Latające – bo nawiązanie do Latających Uniwersytetów i długiej tradycji nieformalnej edukacji w Polsce. Bo metafora, którą lubi Agata (latanie równa się dla niej podróż, przygoda i gwiezdne wojny, ciągle zresztą przemieszcza się z miejsca na miejsce i trudno za nią nadążyć). Bo wreszcie czynnik prozaiczny – gdy szkoła startowała, nie miała siedziby.

I żeby odróżnić się od wszystkich innych inicjatyw, które stawiają sobie za cel nauczanie polskich kobiet, jak znaleźć trzecią drogę między zyskowną, lecz wyczerpującą pracą na cudzy rachunek, na przykład w wielkich firmach, a nieustanną walką o byt w organizacjach pozarządowych, powstających z chęci realizacji różnych pozazawodowych marzeń. Czyli wymyśleć, założyć i prowadzić własny biznes. – Dzięki temu, że nie przedstawiam się jako prowadząca Kursów Przedsiębiorczości dla Kobiet, łatwo mnie zapamiętać i nie muszę mieć wizytówek – mówi Agata. Zresztą słowo „przedsiębiorczość” zbyt jej szeleści.

Ale skoro już tutaj padło, podobnie jak sformułowanie „biznes”, to nie chodzi o przedsiębiorczość byle jaką, przedstawianie na spotkaniach zbioru uniwersalnych formułek, które równie dobrze mogą przydać się wszystkim, jak nikomu. Szkoła ma pomóc rozwinąć skrzydła małym, niekonwencjonalnym, autorskim przedsięwzięciom. – Czyli takim, które będą zarówno spójne z uzdolnieniami, wartościami i stylem życia danej osoby, jak i spójne wewnętrznie, przetestowane pod kątem opłacalności, wplecione w nowoczesne sieci komunikacji – wylicza jej założycielka.

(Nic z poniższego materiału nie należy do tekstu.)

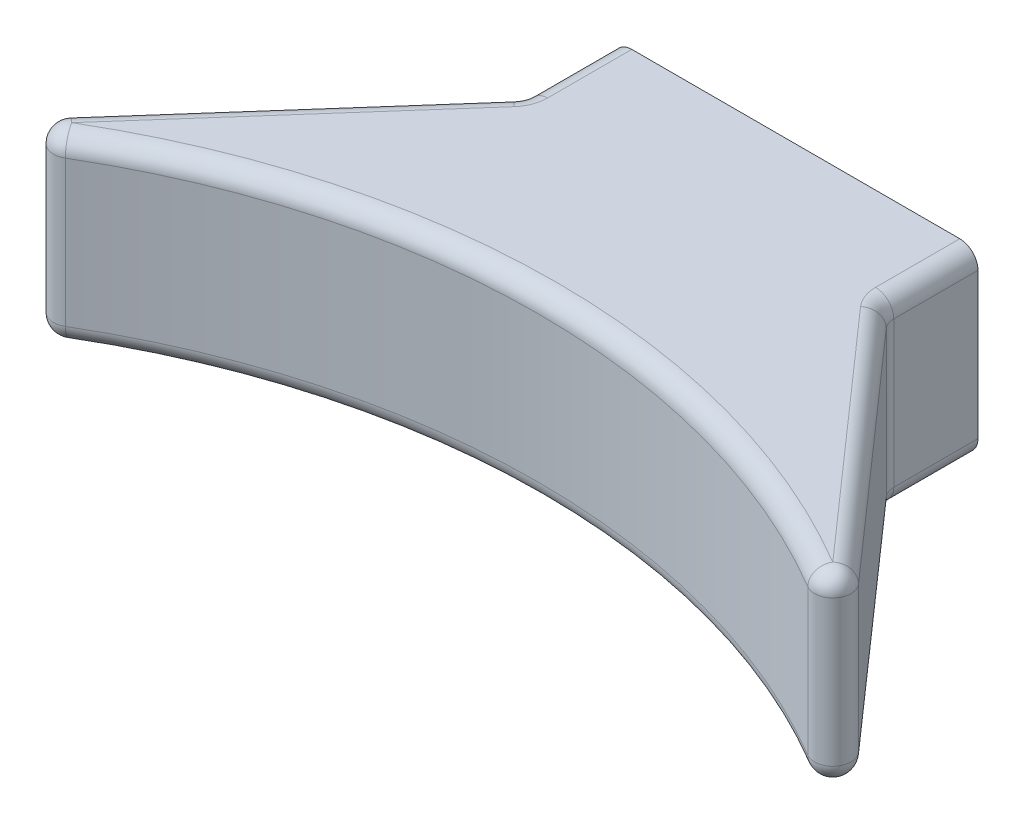
ISO-10303-21;
HEADER;
FILE_DESCRIPTION(('STEP AP214'),'2;1');
FILE_NAME('part.step','',(''),(''),'','','');
FILE_SCHEMA(('AUTOMOTIVE_DESIGN { 1 0 10303 214 1 1 1 1 }'));
ENDSEC;
DATA;
#1=APPLICATION_CONTEXT('core data for automotive mechanical design processes');
#2=APPLICATION_PROTOCOL_DEFINITION('international standard','automotive_design',2000,#1);
#3=PRODUCT_CONTEXT('',#1,'mechanical');
#4=PRODUCT('Part','Part','',(#3));
#5=PRODUCT_RELATED_PRODUCT_CATEGORY('part','',(#4));
#6=PRODUCT_DEFINITION_FORMATION('','',#4);
#7=PRODUCT_DEFINITION_CONTEXT('part definition',#1,'design');
#8=PRODUCT_DEFINITION('design','',#6,#7);
#9=PRODUCT_DEFINITION_SHAPE('','',#8);
#10=(LENGTH_UNIT() NAMED_UNIT(*) SI_UNIT(.MILLI.,.METRE.));
#11=(NAMED_UNIT(*) PLANE_ANGLE_UNIT() SI_UNIT($,.RADIAN.));
#12=(NAMED_UNIT(*) SI_UNIT($,.STERADIAN.) SOLID_ANGLE_UNIT());
#13=UNCERTAINTY_MEASURE_WITH_UNIT(LENGTH_MEASURE(1.E-05),#10,'distance_accuracy_value','');
#14=(GEOMETRIC_REPRESENTATION_CONTEXT(3) GLOBAL_UNCERTAINTY_ASSIGNED_CONTEXT((#13)) GLOBAL_UNIT_ASSIGNED_CONTEXT((#10,
#11,#12)) REPRESENTATION_CONTEXT('',''));
#15=CARTESIAN_POINT('',(0.,0.,0.));
#16=DIRECTION('',(0.,0.,1.));
#17=DIRECTION('',(1.,0.,0.));
#18=AXIS2_PLACEMENT_3D('',#15,#16,#17);
#19=CARTESIAN_POINT('',(12.7,6.35,6.35));
#20=DIRECTION('',(-1.,0.,0.));
#21=DIRECTION('',(0.,-1.,0.));
#22=AXIS2_PLACEMENT_3D('',#19,#20,#21);
#23=PLANE('',#22);
#24=DIRECTION('',(0.,1.,0.));
#25=VECTOR('',#24,1.);
#26=CARTESIAN_POINT('',(12.7,6.35,0.));
#27=LINE('',#26,#25);
#28=CARTESIAN_POINT('',(12.7,-5.08,0.));
#29=VERTEX_POINT('',#28);
#30=CARTESIAN_POINT('',(12.7,5.08,0.));
#31=VERTEX_POINT('',#30);
#32=EDGE_CURVE('E202',#29,#31,#27,.T.);
#33=ORIENTED_EDGE('',*,*,#32,.T.);
#34=DIRECTION('',(0.,0.,-1.));
#35=VECTOR('',#34,1.);
#36=CARTESIAN_POINT('',(12.7,5.08,6.35));
#37=LINE('',#36,#35);
#38=CARTESIAN_POINT('',(12.7,5.08,5.86998511927828));
#39=VERTEX_POINT('',#38);
#40=EDGE_CURVE('E267',#31,#39,#37,.F.);
#41=ORIENTED_EDGE('',*,*,#40,.T.);
#42=DIRECTION('',(0.,1.,0.));
#43=VECTOR('',#42,1.);
#44=CARTESIAN_POINT('',(12.7,6.35,5.86998511927828));
#45=LINE('',#44,#43);
#46=CARTESIAN_POINT('',(12.7,-5.08,5.86998511927828));
#47=VERTEX_POINT('',#46);
#48=EDGE_CURVE('E261',#39,#47,#45,.F.);
#49=ORIENTED_EDGE('',*,*,#48,.T.);
#50=DIRECTION('',(0.,0.,-1.));
#51=VECTOR('',#50,1.);
#52=CARTESIAN_POINT('',(12.7,-5.08,6.35));
#53=LINE('',#52,#51);
#54=EDGE_CURVE('E264',#47,#29,#53,.T.);
#55=ORIENTED_EDGE('',*,*,#54,.T.);
#56=EDGE_LOOP('',(#33,#41,#49,#55));
#57=FACE_BOUND('',#56,.T.);
#58=ADVANCED_FACE('F38',(#57),#23,.F.);
#59=CARTESIAN_POINT('',(-12.7,6.35,6.35));
#60=DIRECTION('',(0.,-1.,0.));
#61=DIRECTION('',(0.,0.,-1.));
#62=AXIS2_PLACEMENT_3D('',#59,#60,#61);
#63=PLANE('',#62);
#64=CARTESIAN_POINT('',(13.97,6.35,5.86998511927828));
#65=DIRECTION('',(0.,-1.,0.));
#66=DIRECTION('',(0.,0.,-1.));
#67=AXIS2_PLACEMENT_3D('',#64,#65,#66);
#68=CIRCLE('',#67,2.54);
#69=CARTESIAN_POINT('',(11.43,6.35,5.86998511927828));
#70=VERTEX_POINT('',#69);
#71=CARTESIAN_POINT('',(12.065,6.35,7.55003720180429));
#72=VERTEX_POINT('',#71);
#73=EDGE_CURVE('E231',#70,#72,#68,.F.);
#74=ORIENTED_EDGE('',*,*,#73,.F.);
#75=DIRECTION('',(0.,0.,-1.));
#76=VECTOR('',#75,1.);
#77=CARTESIAN_POINT('',(11.43,6.35,6.35));
#78=LINE('',#77,#76);
#79=CARTESIAN_POINT('',(11.43,6.35,0.));
#80=VERTEX_POINT('',#79);
#81=EDGE_CURVE('E235',#70,#80,#78,.T.);
#82=ORIENTED_EDGE('',*,*,#81,.T.);
#83=DIRECTION('',(-1.,0.,0.));
#84=VECTOR('',#83,1.);
#85=CARTESIAN_POINT('',(-12.7,6.35,0.));
#86=LINE('',#85,#84);
#87=CARTESIAN_POINT('',(-11.43,6.35,0.));
#88=VERTEX_POINT('',#87);
#89=EDGE_CURVE('E196',#80,#88,#86,.T.);
#90=ORIENTED_EDGE('',*,*,#89,.T.);
#91=DIRECTION('',(0.,0.,-1.));
#92=VECTOR('',#91,1.);
#93=CARTESIAN_POINT('',(-11.43,6.35,6.35));
#94=LINE('',#93,#92);
#95=CARTESIAN_POINT('',(-11.43,6.35,5.86998511927828));
#96=VERTEX_POINT('',#95);
#97=EDGE_CURVE('E170',#88,#96,#94,.F.);
#98=ORIENTED_EDGE('',*,*,#97,.T.);
#99=CARTESIAN_POINT('',(-13.97,6.35,5.86998511927828));
#100=DIRECTION('',(0.,-1.,0.));
#101=DIRECTION('',(0.,0.,-1.));
#102=AXIS2_PLACEMENT_3D('',#99,#100,#101);
#103=CIRCLE('',#102,2.54);
#104=CARTESIAN_POINT('',(-12.065,6.35,7.5500372018043));
#105=VERTEX_POINT('',#104);
#106=EDGE_CURVE('E225',#105,#96,#103,.F.);
#107=ORIENTED_EDGE('',*,*,#106,.F.);
#108=DIRECTION('',(0.661437827766148,0.,-0.75));
#109=VECTOR('',#108,1.);
#110=CARTESIAN_POINT('',(-26.5219176630172,6.35,23.9426409993245));
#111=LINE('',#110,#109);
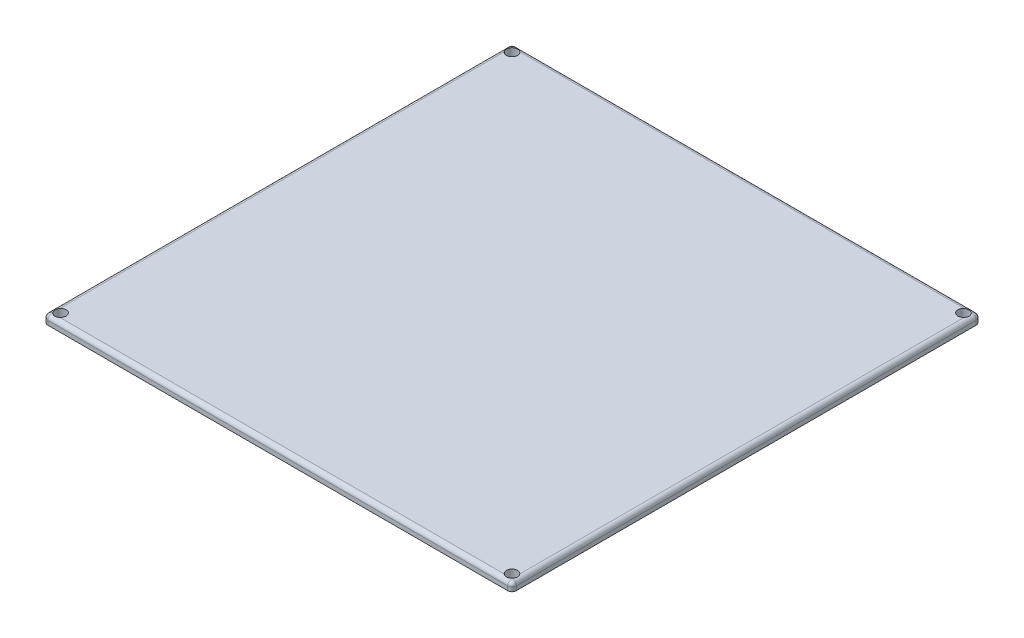
ISO-10303-21;
HEADER;
FILE_DESCRIPTION(('STEP AP214'),'2;1');
FILE_NAME('part.step','',(''),(''),'','','');
FILE_SCHEMA(('AUTOMOTIVE_DESIGN { 1 0 10303 214 1 1 1 1 }'));
ENDSEC;
DATA;
#1=APPLICATION_CONTEXT('core data for automotive mechanical design processes');
#2=APPLICATION_PROTOCOL_DEFINITION('international standard','automotive_design',2000,#1);
#3=PRODUCT_CONTEXT('',#1,'mechanical');
#4=PRODUCT('Part','Part','',(#3));
#5=PRODUCT_RELATED_PRODUCT_CATEGORY('part','',(#4));
#6=PRODUCT_DEFINITION_FORMATION('','',#4);
#7=PRODUCT_DEFINITION_CONTEXT('part definition',#1,'design');
#8=PRODUCT_DEFINITION('design','',#6,#7);
#9=PRODUCT_DEFINITION_SHAPE('','',#8);
#10=(LENGTH_UNIT() NAMED_UNIT(*) SI_UNIT(.MILLI.,.METRE.));
#11=(NAMED_UNIT(*) PLANE_ANGLE_UNIT() SI_UNIT($,.RADIAN.));
#12=(NAMED_UNIT(*) SI_UNIT($,.STERADIAN.) SOLID_ANGLE_UNIT());
#13=UNCERTAINTY_MEASURE_WITH_UNIT(LENGTH_MEASURE(1.E-05),#10,'distance_accuracy_value','');
#14=(GEOMETRIC_REPRESENTATION_CONTEXT(3) GLOBAL_UNCERTAINTY_ASSIGNED_CONTEXT((#13)) GLOBAL_UNIT_ASSIGNED_CONTEXT((#10,
#11,#12)) REPRESENTATION_CONTEXT('',''));
#15=CARTESIAN_POINT('',(0.,0.,0.));
#16=DIRECTION('',(0.,0.,1.));
#17=DIRECTION('',(1.,0.,0.));
#18=AXIS2_PLACEMENT_3D('',#15,#16,#17);
#19=CARTESIAN_POINT('',(0.,2.,0.));
#20=DIRECTION('',(0.,1.,0.));
#21=DIRECTION('',(0.,0.,1.));
#22=AXIS2_PLACEMENT_3D('',#19,#20,#21);
#23=PLANE('',#22);
#24=CARTESIAN_POINT('',(-56.4375,2.,72.765625));
#25=DIRECTION('',(0.,1.,0.));
#26=DIRECTION('',(0.,0.,1.));
#27=AXIS2_PLACEMENT_3D('',#24,#25,#26);
#28=CIRCLE('',#27,1.3);
#29=CARTESIAN_POINT('',(-55.6068376137082,2.,73.765625));
#30=VERTEX_POINT('',#29);
#31=CARTESIAN_POINT('',(-57.4375,2.,71.9349626137082));
#32=VERTEX_POINT('',#31);
#33=EDGE_CURVE('E395',#30,#32,#28,.T.);
#34=ORIENTED_EDGE('',*,*,#33,.F.);
#35=DIRECTION('',(1.,0.,0.));
#36=VECTOR('',#35,1.);
#37=CARTESIAN_POINT('',(50.5625,2.,73.765625));
#38=LINE('',#37,#36);
#39=CARTESIAN_POINT('',(48.7318376137082,2.,73.765625));
#40=VERTEX_POINT('',#39);
#41=EDGE_CURVE('E244',#30,#40,#38,.T.);
#42=ORIENTED_EDGE('',*,*,#41,.T.);
#43=CARTESIAN_POINT('',(49.5625,2.,72.765625));
#44=DIRECTION('',(0.,1.,0.));
#45=DIRECTION('',(0.,0.,1.));
#46=AXIS2_PLACEMENT_3D('',#43,#44,#45);
#47=CIRCLE('',#46,1.3);
#48=CARTESIAN_POINT('',(50.5625,2.,71.9349626137082));
#49=VERTEX_POINT('',#48);
#50=EDGE_CURVE('E387',#49,#40,#47,.T.);
#51=ORIENTED_EDGE('',*,*,#50,.F.);
#52=DIRECTION('',(0.,0.,-1.));
#53=VECTOR('',#52,1.);
#54=CARTESIAN_POINT('',(50.5625,2.,-34.234375));
#55=LINE('',#54,#53);
#56=CARTESIAN_POINT('',(50.5625,2.,-32.4037126137082));
#57=VERTEX_POINT('',#56);
#58=EDGE_CURVE('E225',#49,#57,#55,.T.);
#59=ORIENTED_EDGE('',*,*,#58,.T.);
#60=CARTESIAN_POINT('',(49.5625,2.,-33.234375));
#61=DIRECTION('',(0.,1.,0.));
#62=DIRECTION('',(0.,0.,1.));
#63=AXIS2_PLACEMENT_3D('',#60,#61,#62);
#64=CIRCLE('',#63,1.3);
#65=CARTESIAN_POINT('',(48.7318376137082,2.,-34.234375));
#66=VERTEX_POINT('',#65);
#67=EDGE_CURVE('E403',#66,#57,#64,.T.);
#68=ORIENTED_EDGE('',*,*,#67,.F.);
#69=DIRECTION('',(-1.,0.,0.));
#70=VECTOR('',#69,1.);
#71=CARTESIAN_POINT('',(-57.4375,2.,-34.234375));
#72=LINE('',#71,#70);
#73=CARTESIAN_POINT('',(-55.6068376137082,2.,-34.234375));
#74=VERTEX_POINT('',#73);
#75=EDGE_CURVE('E235',#66,#74,#72,.T.);
#76=ORIENTED_EDGE('',*,*,#75,.T.);
#77=CARTESIAN_POINT('',(-56.4375,2.,-33.234375));
#78=DIRECTION('',(0.,1.,0.));
#79=DIRECTION('',(0.,0.,1.));
#80=AXIS2_PLACEMENT_3D('',#77,#78,#79);
#81=CIRCLE('',#80,1.3);
#82=CARTESIAN_POINT('',(-57.4375,2.,-32.4037126137082));
#83=VERTEX_POINT('',#82);
#84=EDGE_CURVE('E409',#83,#74,#81,.T.);
#85=ORIENTED_EDGE('',*,*,#84,.F.);
#86=DIRECTION('',(0.,0.,1.));
#87=VECTOR('',#86,1.);
#88=CARTESIAN_POINT('',(-57.4375,2.,73.765625));
#89=LINE('',#88,#87);
#90=EDGE_CURVE('E242',#83,#32,#89,.T.);
#91=ORIENTED_EDGE('',*,*,#90,.T.);
#92=EDGE_LOOP('',(#34,#42,#51,#59,#68,#76,#85,#91));
#93=FACE_BOUND('',#92,.T.);
#94=ADVANCED_FACE('F35',(#93),#23,.T.);
#95=DIRECTION('',(0.,0.,1.));
#96=VECTOR('',#95,1.);
#97=CARTESIAN_POINT('',(-57.4375,2.,73.765625));
#98=LINE('',#97,#96);
#99=CARTESIAN_POINT('',(-57.4375,2.,73.5962873862918));
#100=VERTEX_POINT('',#99);
#101=CARTESIAN_POINT('',(-57.4375,2.,73.765625));
#102=VERTEX_POINT('',#101);
#103=EDGE_CURVE('E237',#100,#102,#98,.T.);
#104=ORIENTED_EDGE('',*,*,#103,.T.);
#105=DIRECTION('',(1.,0.,0.));
#106=VECTOR('',#105,1.);
#107=CARTESIAN_POINT('',(50.5625,2.,73.765625));
#108=LINE('',#107,#106);
#109=CARTESIAN_POINT('',(-57.2681623862918,2.,73.765625));
#110=VERTEX_POINT('',#109);
#111=EDGE_CURVE('E239',#102,#110,#108,.T.);
#112=ORIENTED_EDGE('',*,*,#111,.T.);
#113=EDGE_CURVE('E399',#100,#110,#28,.T.);
#114=ORIENTED_EDGE('',*,*,#113,.F.);
#115=EDGE_LOOP('',(#104,#112,#114));
#116=FACE_BOUND('',#115,.T.);
#117=ADVANCED_FACE('F464',(#116),#23,.T.);
#118=DIRECTION('',(-1.,0.,0.));
#119=VECTOR('',#118,1.);
#120=CARTESIAN_POINT('',(-57.4375,2.,-34.234375));
#121=LINE('',#120,#119);
#122=CARTESIAN_POINT('',(-57.2681623862918,2.,-34.234375));
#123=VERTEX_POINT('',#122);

Do tego bonus – wsparcie doświadczeniami innych, uczenie się na cudzych błędach, ale i poznawanie historii kobiet, którym się coś udało, czyli okazja do podejrzenia innych firm od kuchni, bezpośrednie zetknięcie z rzeczywistością, a nie własnymi fantazjami. Wymiana kontaktów, której efektem jest naturalny marketing szeptany – każda mówi, czym się zajmuje, a dwudziestka innych, życzliwie nastawionych, słucha i być może przekaże dalej. Na takiej zasadzie działają Latające Kręgi – drugi zamysł Agaty, albo raczej jej druga noga, ta non-profit, bo w przeciwieństwie do Szkoły, na której zarabia, udział w nich nic nie kosztuje. Może dlatego Kręgi, choć wystartowały w 2011 r. w Krakowie, rozprzestrzeniają się po kraju z prędkością światła: jest już Tarnów, Bochnia, Śląsk, Trójmiasto. Każdy ma swoje, lokalne organizatorki, i za każdym razem spotyka się w innym miejscu – jak na latającą inicjatywę przystało. Najlepiej u którejś z uczestniczek. W Warszawie chętnych było tak wiele, że na spotkania, odbywające się raz na miesiąc, trzeba się zapisywać z kilkumiesięcznym wyprzedzeniem. „Jak to możliwe, że ledwie informacja o Kręgu pojawia się w internecie, już brakuje miejsc?” – pytały rozczarowane dziewczyny, więc Agata przyjechała do stolicy na kilka dni, by poprowadzić wymyślone specjalnie dla nich jednorazowe przedsięwzięcie: warsztat, podczas którego omawiane były wybrane elementy zajęć Latającej Szkoły.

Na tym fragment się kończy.